Data to process:
-.-.-
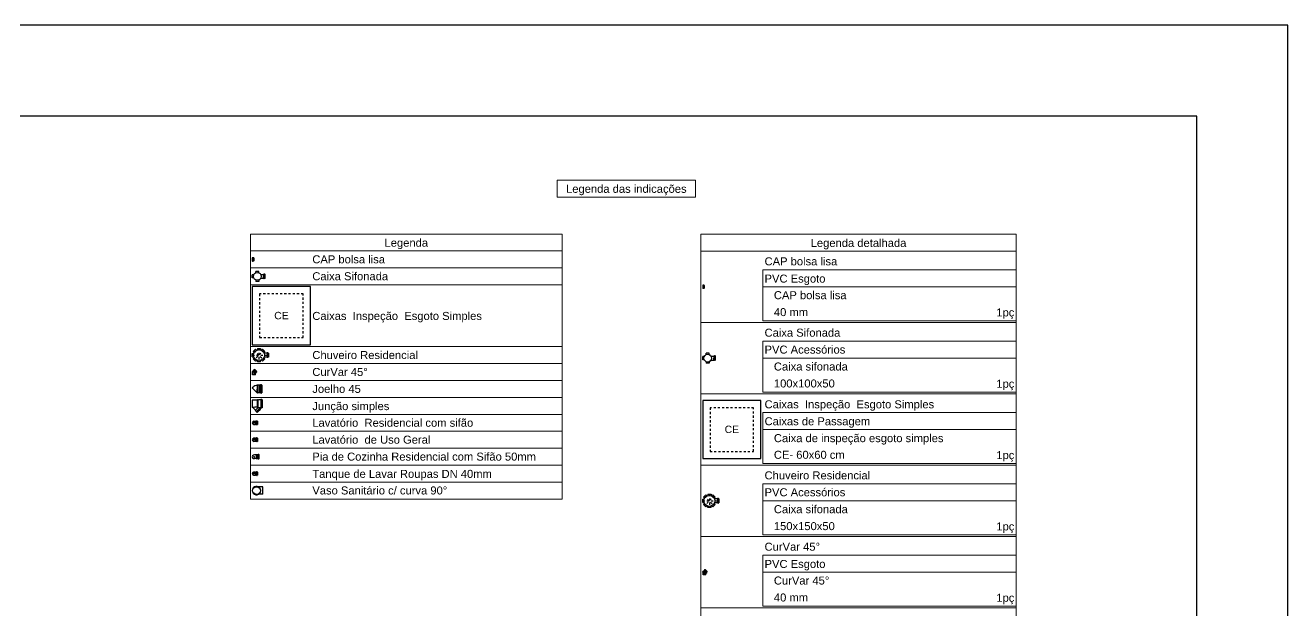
# Model space of a CAD drawing. Header units: millimetres. Extents: x 270 to 744, y -31 to 127.
# Drawn here: x 391.7 to 451.8, y 69.2 to 97 of the extents above; entities that cross this region are included whole.
import ezdxf

# ---------------------------------------------------------------- set-up
doc = ezdxf.new("R2010")
doc.units = ezdxf.units.MM
doc.header["$LTSCALE"] = 0.01
doc.header["$MEASUREMENT"] = 0
doc.linetypes.add('DASHDOT', pattern=[25.4, 12.7, -6.35, 0, -6.35])
doc.linetypes.add('Dashed', pattern=[0.75, 0.5, -0.25])
doc.layers.add('DI-Tabelas', color=7, linetype='Continuous', lineweight=5)
for name, color, linetype in [('FOLHA', 7, 'Continuous'), ('Simbolos', 5, 'Continuous'), ('Simbolos_int', 2, 'Continuous')]:
    doc.layers.add(name, color=color, linetype=linetype)
doc.styles.add('Arial', font='arial.ttf')

# ---------------------------------------------------------------- blocks, each defined once
blk = doc.blocks.new('A3')
at = {"color": 15}
blk.add_lwpolyline([(0, 0), (420, 0), (420, 297), (0, 297)], close=True, dxfattribs=at)
at = {"color": 0}
blk.add_lwpolyline([(25, 10), (410, 10), (410, 287), (25, 287)], close=True, dxfattribs=at)

msp = doc.modelspace()

# ---------------------------------------------------------------- linework, layer by layer
at = {"layer": 'DI-Tabelas'}
for p, q in [((417.037, 88.843), (417.037, 89.647)), ((417.037, 89.647), (423.606, 89.647)), ((423.606, 89.647), (423.606, 88.843)), ((423.606, 88.843), (417.037, 88.843)), ((402.456, 86.283), (402.456, 87.088)), ((402.456, 87.088), (417.269, 87.088)), ((417.269, 87.088), (417.269, 86.283)), ((423.867, 86.274), (423.867, 87.078)), ((423.867, 87.078), (438.852, 87.078)), ((438.852, 87.078), (438.852, 86.274)), ((417.269, 86.283), (402.456, 86.283)), ((402.456, 85.479), (402.456, 86.283)), ((417.269, 86.283), (417.269, 85.479)), ((438.852, 86.274), (423.867, 86.274)), ((423.867, 82.884), (423.867, 86.274)), ((438.852, 86.274), (438.852, 82.884)), ((405.309, 85.479), (402.456, 85.479)), ((402.456, 84.675), (402.456, 85.479)), ((417.269, 85.479), (405.309, 85.479)), ((417.269, 85.479), (417.269, 84.675)), ((438.852, 85.383), (426.806, 85.383)), ((426.806, 84.579), (426.806, 85.383)), ((438.852, 85.383), (438.852, 84.579)), ((405.309, 84.675), (402.456, 84.675)), ((402.456, 81.736), (402.456, 84.675)), ((417.269, 84.675), (405.309, 84.675)), ((417.269, 84.675), (417.269, 81.736)), ((438.852, 84.579), (426.806, 84.579)), ((426.806, 83.775), (426.806, 84.579)), ((438.852, 84.579), (438.852, 83.775)), ((426.806, 82.97), (426.806, 83.775)), ((438.852, 83.775), (438.852, 82.97)), ((426.719, 82.884), (423.867, 82.884)), ((423.867, 79.494), (423.867, 82.884)), ((438.852, 82.884), (426.719, 82.884)), ((437.242, 82.97), (426.806, 82.97)), ((438.852, 82.97), (437.242, 82.97)), ((438.852, 82.884), (438.852, 79.494)), ((405.309, 81.736), (402.456, 81.736)), ((402.456, 80.93), (402.456, 81.736)), ((417.269, 81.736), (405.309, 81.736)), ((417.269, 81.736), (417.269, 80.93)), ((438.852, 81.993), (426.806, 81.993)), ((426.806, 81.189), (426.806, 81.993)), ((438.852, 81.993), (438.852, 81.189)), ((438.852, 81.189), (426.806, 81.189)), ((426.806, 80.385), (426.806, 81.189)), ((438.852, 81.189), (438.852, 80.385)), ((405.309, 80.93), (402.456, 80.93)), ((402.456, 80.126), (402.456, 80.93)), ((417.269, 80.93), (405.309, 80.93)), ((417.269, 80.93), (417.269, 80.126)), ((405.309, 80.126), (402.456, 80.126)), ((402.456, 79.321), (402.456, 80.126)), ((417.269, 80.126), (405.309, 80.126)), ((417.269, 80.126), (417.269, 79.321)), ((426.806, 79.581), (426.806, 80.385)), ((438.852, 80.385), (438.852, 79.581)), ((405.309, 79.321), (402.456, 79.321)), ((402.456, 78.517), (402.456, 79.321)), ((417.269, 79.321), (405.309, 79.321)), ((417.269, 79.321), (417.269, 78.517)), ((426.719, 79.494), (423.867, 79.494)), ((423.867, 76.104), (423.867, 79.494)), ((438.852, 79.494), (426.719, 79.494)), ((437.65, 79.581), (426.806, 79.581)), ((438.852, 79.581), (437.65, 79.581)), ((438.852, 79.494), (438.852, 76.104)), ((405.309, 78.517), (402.456, 78.517)), ((402.456, 77.713), (402.456, 78.517)), ((417.269, 78.517), (405.309, 78.517)), ((417.269, 78.517), (417.269, 77.713)), ((438.852, 78.603), (426.806, 78.603)), ((426.806, 77.799), (426.806, 78.603)), ((438.852, 78.603), (438.852, 77.799)), ((405.309, 77.713), (402.456, 77.713)), ((402.456, 76.909), (402.456, 77.713)), ((417.269, 77.713), (405.309, 77.713)), ((417.269, 77.713), (417.269, 76.909)), ((438.852, 77.799), (426.806, 77.799)), ((426.806, 76.995), (426.806, 77.799)), ((438.852, 77.799), (438.852, 76.995)), ((405.309, 76.909), (402.456, 76.909)), ((402.456, 76.104), (402.456, 76.909)), ((417.269, 76.909), (405.309, 76.909)), ((417.269, 76.909), (417.269, 76.104)), ((426.806, 76.191), (426.806, 76.995)), ((438.852, 76.995), (438.852, 76.191)), ((405.309, 76.104), (402.456, 76.104)), ((402.456, 75.3), (402.456, 76.104)), ((417.269, 76.104), (405.309, 76.104)), ((417.269, 76.104), (417.269, 75.3)), ((426.719, 76.104), (423.867, 76.104)), ((423.867, 72.714), (423.867, 76.104)), ((438.852, 76.104), (426.719, 76.104)), ((435.665, 76.191), (426.806, 76.191)), ((438.852, 76.191), (435.665, 76.191)), ((438.852, 76.104), (438.852, 72.714)), ((405.309, 75.3), (402.456, 75.3)), ((402.456, 74.496), (402.456, 75.3)), ((417.269, 75.3), (405.309, 75.3)), ((417.269, 75.3), (417.269, 74.496)), ((438.852, 75.213), (426.806, 75.213)), ((426.806, 74.409), (426.806, 75.213)), ((438.852, 75.213), (438.852, 74.409)), ((405.309, 74.496), (402.456, 74.496)), ((417.269, 74.496), (405.309, 74.496)), ((438.852, 74.409), (426.806, 74.409)), ((426.806, 73.605), (426.806, 74.409)), ((438.852, 74.409), (438.852, 73.605)), ((426.806, 72.801), (426.806, 73.605)), ((438.852, 73.605), (438.852, 72.801)), ((426.719, 72.714), (423.867, 72.714)), ((423.867, 69.324), (423.867, 72.714)), ((438.852, 72.714), (426.719, 72.714)), ((437.325, 72.801), (426.806, 72.801)), ((438.852, 72.801), (437.325, 72.801)), ((438.852, 72.714), (438.852, 69.324)), ((438.852, 71.823), (426.806, 71.823)), ((426.806, 71.019), (426.806, 71.823)), ((438.852, 71.823), (438.852, 71.019)), ((438.852, 71.019), (426.806, 71.019)), ((426.806, 70.215), (426.806, 71.019)), ((438.852, 71.019), (438.852, 70.215)), ((426.806, 69.411), (426.806, 70.215)), ((438.852, 70.215), (438.852, 69.411)), ((426.719, 69.324), (423.867, 69.324)), ((423.867, 65.934), (423.867, 69.324)), ((438.852, 69.324), (426.719, 69.324)), ((437.65, 69.411), (426.806, 69.411)), ((438.852, 69.411), (437.65, 69.411)), ((438.852, 69.324), (438.852, 65.934))]:
    msp.add_line(p, q, dxfattribs=at)
at = {"layer": 'Simbolos', "color": 7}
for p, q in [((402.556, 85.96), (402.543, 85.96)), ((402.543, 85.96), (402.543, 85.802)), ((402.556, 85.96), (402.56, 85.957)), ((402.603, 85.957), (402.56, 85.957)), ((402.611, 85.949), (402.611, 85.814)), ((402.856, 85.315), (402.705, 85.315)), ((402.705, 85.246), (402.705, 85.315)), ((402.856, 85.246), (402.856, 85.315)), ((402.543, 85.001), (402.543, 85.152)), ((402.611, 85.152), (402.543, 85.152)), ((402.611, 85.001), (402.543, 85.001)), ((402.705, 84.907), (402.705, 84.839)), ((402.856, 84.839), (402.705, 84.839)), ((402.856, 84.907), (402.856, 84.839)), ((402.937, 85.171), (403.074, 85.171)), ((402.937, 84.983), (403.074, 84.983)), ((403.075, 85.171), (403.074, 85.171)), ((403.075, 84.982), (403.074, 84.983)), ((403.091, 85.171), (403.075, 85.171)), ((403.091, 84.982), (403.075, 84.982)), ((403.095, 85.184), (403.094, 85.175)), ((403.095, 84.97), (403.094, 84.979)), ((403.129, 85.187), (403.098, 85.187)), ((403.129, 84.967), (403.098, 84.967)), ((403.132, 85.184), (403.135, 85.174)), ((403.132, 84.969), (403.135, 84.98)), ((403.153, 85.171), (403.138, 85.171)), ((403.153, 84.982), (403.138, 84.982)), ((403.153, 84.982), (403.153, 85.171)), ((423.967, 84.658), (423.953, 84.658)), ((423.953, 84.658), (423.953, 84.5)), ((423.967, 84.658), (423.97, 84.654)), ((424.014, 84.654), (423.97, 84.654)), ((424.021, 84.646), (424.021, 84.512)), ((402.781, 81.649), (402.781, 81.582)), ((402.781, 81.649), (402.937, 81.649)), ((402.937, 81.649), (402.937, 81.582)), ((402.543, 81.255), (402.543, 81.411)), ((402.543, 81.411), (402.61, 81.411)), ((402.543, 81.255), (402.61, 81.255)), ((402.58, 81.502), (402.69, 81.612)), ((402.58, 81.502), (402.628, 81.454)), ((402.58, 81.164), (402.628, 81.212)), ((402.69, 81.054), (402.58, 81.164)), ((402.69, 81.612), (402.738, 81.564)), ((402.69, 81.054), (402.738, 81.102)), ((402.781, 81.016), (402.781, 81.084)), ((402.937, 81.016), (402.937, 81.084)), ((403.028, 81.612), (402.98, 81.564)), ((403.028, 81.054), (402.98, 81.102)), ((403.028, 81.612), (403.138, 81.502)), ((403.138, 81.164), (403.028, 81.054)), ((403.138, 81.502), (403.09, 81.454)), ((403.138, 81.164), (403.09, 81.212)), ((403.244, 81.427), (403.102, 81.427)), ((403.244, 81.238), (403.102, 81.238)), ((403.248, 81.44), (403.248, 81.431)), ((403.248, 81.226), (403.248, 81.235)), ((403.282, 81.443), (403.252, 81.443)), ((403.282, 81.223), (403.252, 81.223)), ((403.286, 81.44), (403.288, 81.43)), ((403.286, 81.225), (403.288, 81.236)), ((403.307, 81.427), (403.292, 81.427)), ((403.307, 81.238), (403.292, 81.238)), ((403.307, 81.427), (403.307, 81.238)), ((423.953, 81.114), (423.953, 81.264)), ((424.021, 81.264), (423.953, 81.264)), ((424.021, 81.114), (423.953, 81.114)), ((424.266, 81.427), (424.116, 81.427)), ((424.116, 81.359), (424.116, 81.427)), ((424.116, 81.019), (424.116, 80.951)), ((424.266, 81.359), (424.266, 81.427)), ((424.266, 81.019), (424.266, 80.951)), ((424.347, 81.283), (424.485, 81.283)), ((424.347, 81.095), (424.485, 81.095)), ((424.486, 81.284), (424.485, 81.283)), ((424.486, 81.094), (424.485, 81.095)), ((424.501, 81.284), (424.486, 81.284)), ((424.501, 81.094), (424.486, 81.094)), ((424.505, 81.296), (424.505, 81.287)), ((424.505, 81.082), (424.505, 81.091)), ((424.539, 81.299), (424.509, 81.299)), ((424.539, 81.079), (424.509, 81.079)), ((424.543, 81.296), (424.545, 81.286)), ((424.543, 81.082), (424.545, 81.092)), ((424.564, 81.284), (424.549, 81.284)), ((424.564, 81.094), (424.549, 81.094)), ((424.564, 81.094), (424.564, 81.284)), ((402.543, 80.535), (402.551, 80.56)), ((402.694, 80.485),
-.-.-
Whenever the word "pattern" appears in a line of the listing, copy out that line.

Answer to this task:
doc.linetypes.add('DASHDOT', pattern=[25.4, 12.7, -6.35, 0, -6.35])
doc.linetypes.add('Dashed', pattern=[0.75, 0.5, -0.25])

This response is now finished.